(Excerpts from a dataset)
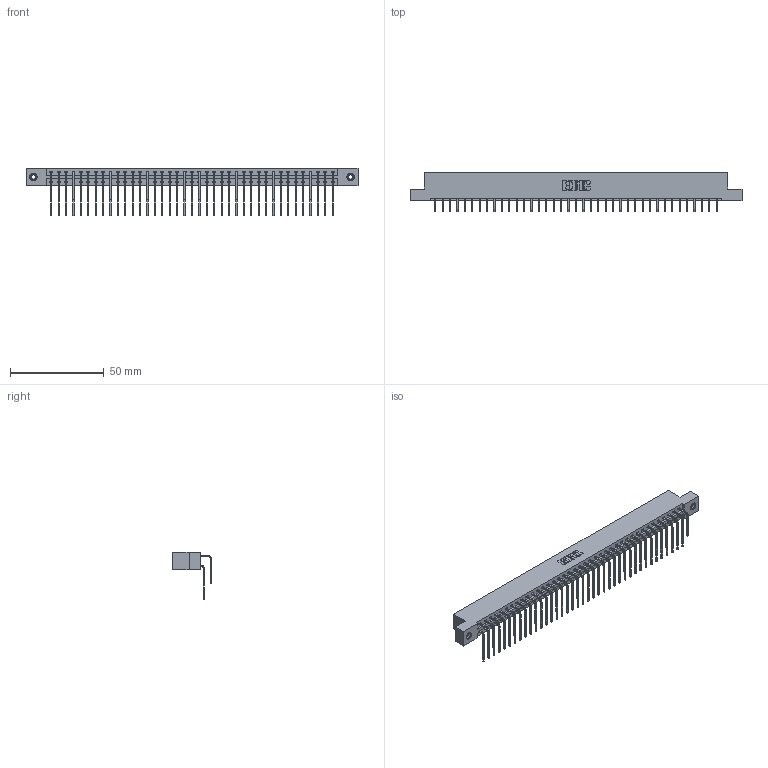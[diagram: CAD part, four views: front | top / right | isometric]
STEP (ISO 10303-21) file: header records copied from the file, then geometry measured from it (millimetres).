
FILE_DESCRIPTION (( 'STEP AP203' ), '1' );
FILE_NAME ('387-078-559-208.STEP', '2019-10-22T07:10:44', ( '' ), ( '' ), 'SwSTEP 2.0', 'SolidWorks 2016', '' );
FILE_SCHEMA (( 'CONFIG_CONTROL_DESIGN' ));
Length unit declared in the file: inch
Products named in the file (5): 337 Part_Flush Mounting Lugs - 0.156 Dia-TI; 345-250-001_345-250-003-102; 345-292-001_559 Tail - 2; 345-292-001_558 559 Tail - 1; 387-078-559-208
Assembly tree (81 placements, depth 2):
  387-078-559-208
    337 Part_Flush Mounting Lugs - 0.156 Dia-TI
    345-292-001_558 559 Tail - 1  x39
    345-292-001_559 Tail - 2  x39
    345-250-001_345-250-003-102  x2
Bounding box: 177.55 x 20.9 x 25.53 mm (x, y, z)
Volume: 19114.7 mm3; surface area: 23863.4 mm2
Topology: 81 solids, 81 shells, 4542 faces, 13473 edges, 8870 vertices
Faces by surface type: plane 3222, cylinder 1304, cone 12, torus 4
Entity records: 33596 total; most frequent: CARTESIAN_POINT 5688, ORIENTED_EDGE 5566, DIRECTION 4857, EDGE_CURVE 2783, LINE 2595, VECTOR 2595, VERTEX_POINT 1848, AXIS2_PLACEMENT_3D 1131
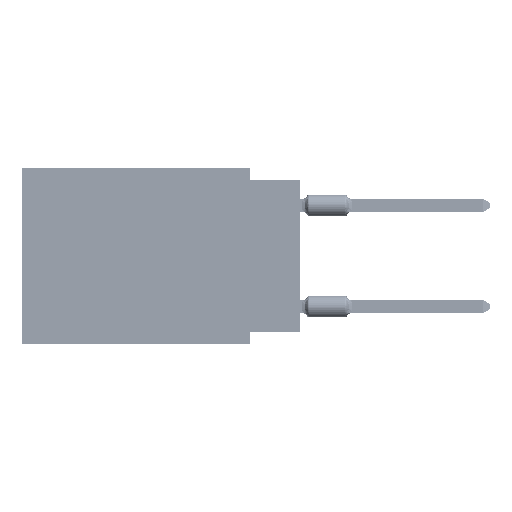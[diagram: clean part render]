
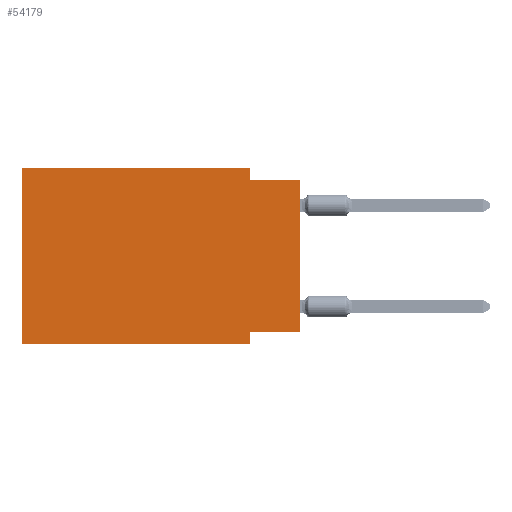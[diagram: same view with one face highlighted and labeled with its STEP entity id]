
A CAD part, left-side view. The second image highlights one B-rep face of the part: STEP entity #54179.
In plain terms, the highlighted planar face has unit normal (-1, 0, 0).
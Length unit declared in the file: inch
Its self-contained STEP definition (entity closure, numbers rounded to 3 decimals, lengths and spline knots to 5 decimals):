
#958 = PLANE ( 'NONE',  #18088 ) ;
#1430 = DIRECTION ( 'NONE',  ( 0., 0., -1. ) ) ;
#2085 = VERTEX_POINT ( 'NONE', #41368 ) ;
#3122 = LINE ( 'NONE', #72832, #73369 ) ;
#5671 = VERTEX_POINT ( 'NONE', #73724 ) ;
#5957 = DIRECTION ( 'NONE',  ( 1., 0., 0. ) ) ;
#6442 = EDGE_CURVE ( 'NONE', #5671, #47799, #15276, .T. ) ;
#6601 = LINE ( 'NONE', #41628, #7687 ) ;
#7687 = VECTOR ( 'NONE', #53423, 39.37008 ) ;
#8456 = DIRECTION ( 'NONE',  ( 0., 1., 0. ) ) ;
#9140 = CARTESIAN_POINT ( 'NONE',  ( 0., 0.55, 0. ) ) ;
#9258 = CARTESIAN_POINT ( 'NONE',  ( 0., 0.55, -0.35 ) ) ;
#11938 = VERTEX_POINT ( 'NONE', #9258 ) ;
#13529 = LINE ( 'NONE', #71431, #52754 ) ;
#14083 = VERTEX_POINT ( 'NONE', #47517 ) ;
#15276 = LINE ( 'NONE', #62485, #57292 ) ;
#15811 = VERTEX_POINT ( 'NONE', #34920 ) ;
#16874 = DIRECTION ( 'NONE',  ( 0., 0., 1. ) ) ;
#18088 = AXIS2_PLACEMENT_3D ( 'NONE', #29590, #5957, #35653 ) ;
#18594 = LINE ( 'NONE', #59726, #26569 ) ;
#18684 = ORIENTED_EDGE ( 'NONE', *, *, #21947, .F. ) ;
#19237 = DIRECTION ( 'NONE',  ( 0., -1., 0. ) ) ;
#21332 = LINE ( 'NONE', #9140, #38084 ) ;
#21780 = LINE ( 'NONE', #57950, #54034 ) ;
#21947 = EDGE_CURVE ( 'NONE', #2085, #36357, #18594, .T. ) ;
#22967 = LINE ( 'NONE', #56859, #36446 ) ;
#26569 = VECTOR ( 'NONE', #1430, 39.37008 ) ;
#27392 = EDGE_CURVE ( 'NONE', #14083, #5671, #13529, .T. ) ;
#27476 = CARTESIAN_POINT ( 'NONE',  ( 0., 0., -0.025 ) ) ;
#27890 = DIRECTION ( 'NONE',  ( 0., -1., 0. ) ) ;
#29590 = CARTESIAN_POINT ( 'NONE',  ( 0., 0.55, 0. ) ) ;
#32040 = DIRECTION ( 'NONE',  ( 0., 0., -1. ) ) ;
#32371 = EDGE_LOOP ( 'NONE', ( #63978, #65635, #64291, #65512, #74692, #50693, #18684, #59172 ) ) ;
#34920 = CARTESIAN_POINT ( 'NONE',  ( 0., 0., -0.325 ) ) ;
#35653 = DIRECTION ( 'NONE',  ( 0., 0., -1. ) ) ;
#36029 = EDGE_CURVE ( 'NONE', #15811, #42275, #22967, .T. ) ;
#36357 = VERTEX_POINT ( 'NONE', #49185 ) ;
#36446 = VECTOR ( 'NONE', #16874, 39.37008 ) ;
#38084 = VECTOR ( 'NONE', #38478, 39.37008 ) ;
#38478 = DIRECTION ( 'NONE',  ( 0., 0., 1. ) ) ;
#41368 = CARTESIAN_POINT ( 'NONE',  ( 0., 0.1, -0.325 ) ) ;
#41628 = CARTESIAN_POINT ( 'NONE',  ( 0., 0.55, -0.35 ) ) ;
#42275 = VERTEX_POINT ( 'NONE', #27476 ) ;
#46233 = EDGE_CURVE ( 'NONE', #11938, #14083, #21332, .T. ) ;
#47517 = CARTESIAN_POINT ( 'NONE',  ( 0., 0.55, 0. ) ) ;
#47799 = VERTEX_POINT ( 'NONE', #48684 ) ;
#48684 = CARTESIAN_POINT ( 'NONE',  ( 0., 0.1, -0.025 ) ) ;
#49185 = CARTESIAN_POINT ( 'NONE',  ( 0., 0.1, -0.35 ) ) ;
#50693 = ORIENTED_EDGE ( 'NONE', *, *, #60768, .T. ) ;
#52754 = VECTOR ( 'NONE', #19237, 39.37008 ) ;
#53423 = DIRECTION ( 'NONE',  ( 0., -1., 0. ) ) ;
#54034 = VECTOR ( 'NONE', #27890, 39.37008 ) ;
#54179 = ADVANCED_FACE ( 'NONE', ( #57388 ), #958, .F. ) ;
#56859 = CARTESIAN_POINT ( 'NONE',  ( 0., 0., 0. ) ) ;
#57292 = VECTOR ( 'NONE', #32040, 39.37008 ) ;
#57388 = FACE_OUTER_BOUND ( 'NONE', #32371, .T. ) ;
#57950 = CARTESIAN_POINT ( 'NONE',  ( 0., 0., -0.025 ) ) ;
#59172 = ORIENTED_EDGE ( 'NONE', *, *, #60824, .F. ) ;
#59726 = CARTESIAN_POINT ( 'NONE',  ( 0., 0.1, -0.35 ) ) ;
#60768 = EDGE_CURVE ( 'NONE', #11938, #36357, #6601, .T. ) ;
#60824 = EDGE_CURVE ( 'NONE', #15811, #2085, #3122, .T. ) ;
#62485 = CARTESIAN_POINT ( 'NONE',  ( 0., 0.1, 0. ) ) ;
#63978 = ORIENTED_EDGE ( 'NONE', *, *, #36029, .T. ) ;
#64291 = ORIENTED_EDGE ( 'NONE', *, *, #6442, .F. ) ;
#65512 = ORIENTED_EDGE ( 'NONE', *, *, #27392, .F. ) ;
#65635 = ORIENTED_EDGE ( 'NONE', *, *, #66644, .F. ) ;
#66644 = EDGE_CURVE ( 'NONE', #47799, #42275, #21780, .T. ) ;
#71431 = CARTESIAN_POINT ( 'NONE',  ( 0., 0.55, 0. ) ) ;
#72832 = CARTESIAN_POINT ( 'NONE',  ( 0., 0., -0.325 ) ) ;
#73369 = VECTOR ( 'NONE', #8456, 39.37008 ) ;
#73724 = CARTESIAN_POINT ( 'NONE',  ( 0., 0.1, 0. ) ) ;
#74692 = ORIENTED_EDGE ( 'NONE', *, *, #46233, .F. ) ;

__Exercise details__
Output the lines of the records above exactly as they appear, from the line containing "#9140 = CARTESIAN_POINT" through the line containing "#26569 = VECTOR ( 'NONE', #1430, 39.37008 ) ;".

__Output for this exercise__
#9140 = CARTESIAN_POINT ( 'NONE',  ( 0., 0.55, 0. ) ) ;
#9258 = CARTESIAN_POINT ( 'NONE',  ( 0., 0.55, -0.35 ) ) ;
#11938 = VERTEX_POINT ( 'NONE', #9258 ) ;
#13529 = LINE ( 'NONE', #71431, #52754 ) ;
#14083 = VERTEX_POINT ( 'NONE', #47517 ) ;
#15276 = LINE ( 'NONE', #62485, #57292 ) ;
#15811 = VERTEX_POINT ( 'NONE', #34920 ) ;
#16874 = DIRECTION ( 'NONE',  ( 0., 0., 1. ) ) ;
#18088 = AXIS2_PLACEMENT_3D ( 'NONE', #29590, #5957, #35653 ) ;
#18594 = LINE ( 'NONE', #59726, #26569 ) ;
#18684 = ORIENTED_EDGE ( 'NONE', *, *, #21947, .F. ) ;
#19237 = DIRECTION ( 'NONE',  ( 0., -1., 0. ) ) ;
#21332 = LINE ( 'NONE', #9140, #38084 ) ;
#21780 = LINE ( 'NONE', #57950, #54034 ) ;
#21947 = EDGE_CURVE ( 'NONE', #2085, #36357, #18594, .T. ) ;
#22967 = LINE ( 'NONE', #56859, #36446 ) ;
#26569 = VECTOR ( 'NONE', #1430, 39.37008 ) ;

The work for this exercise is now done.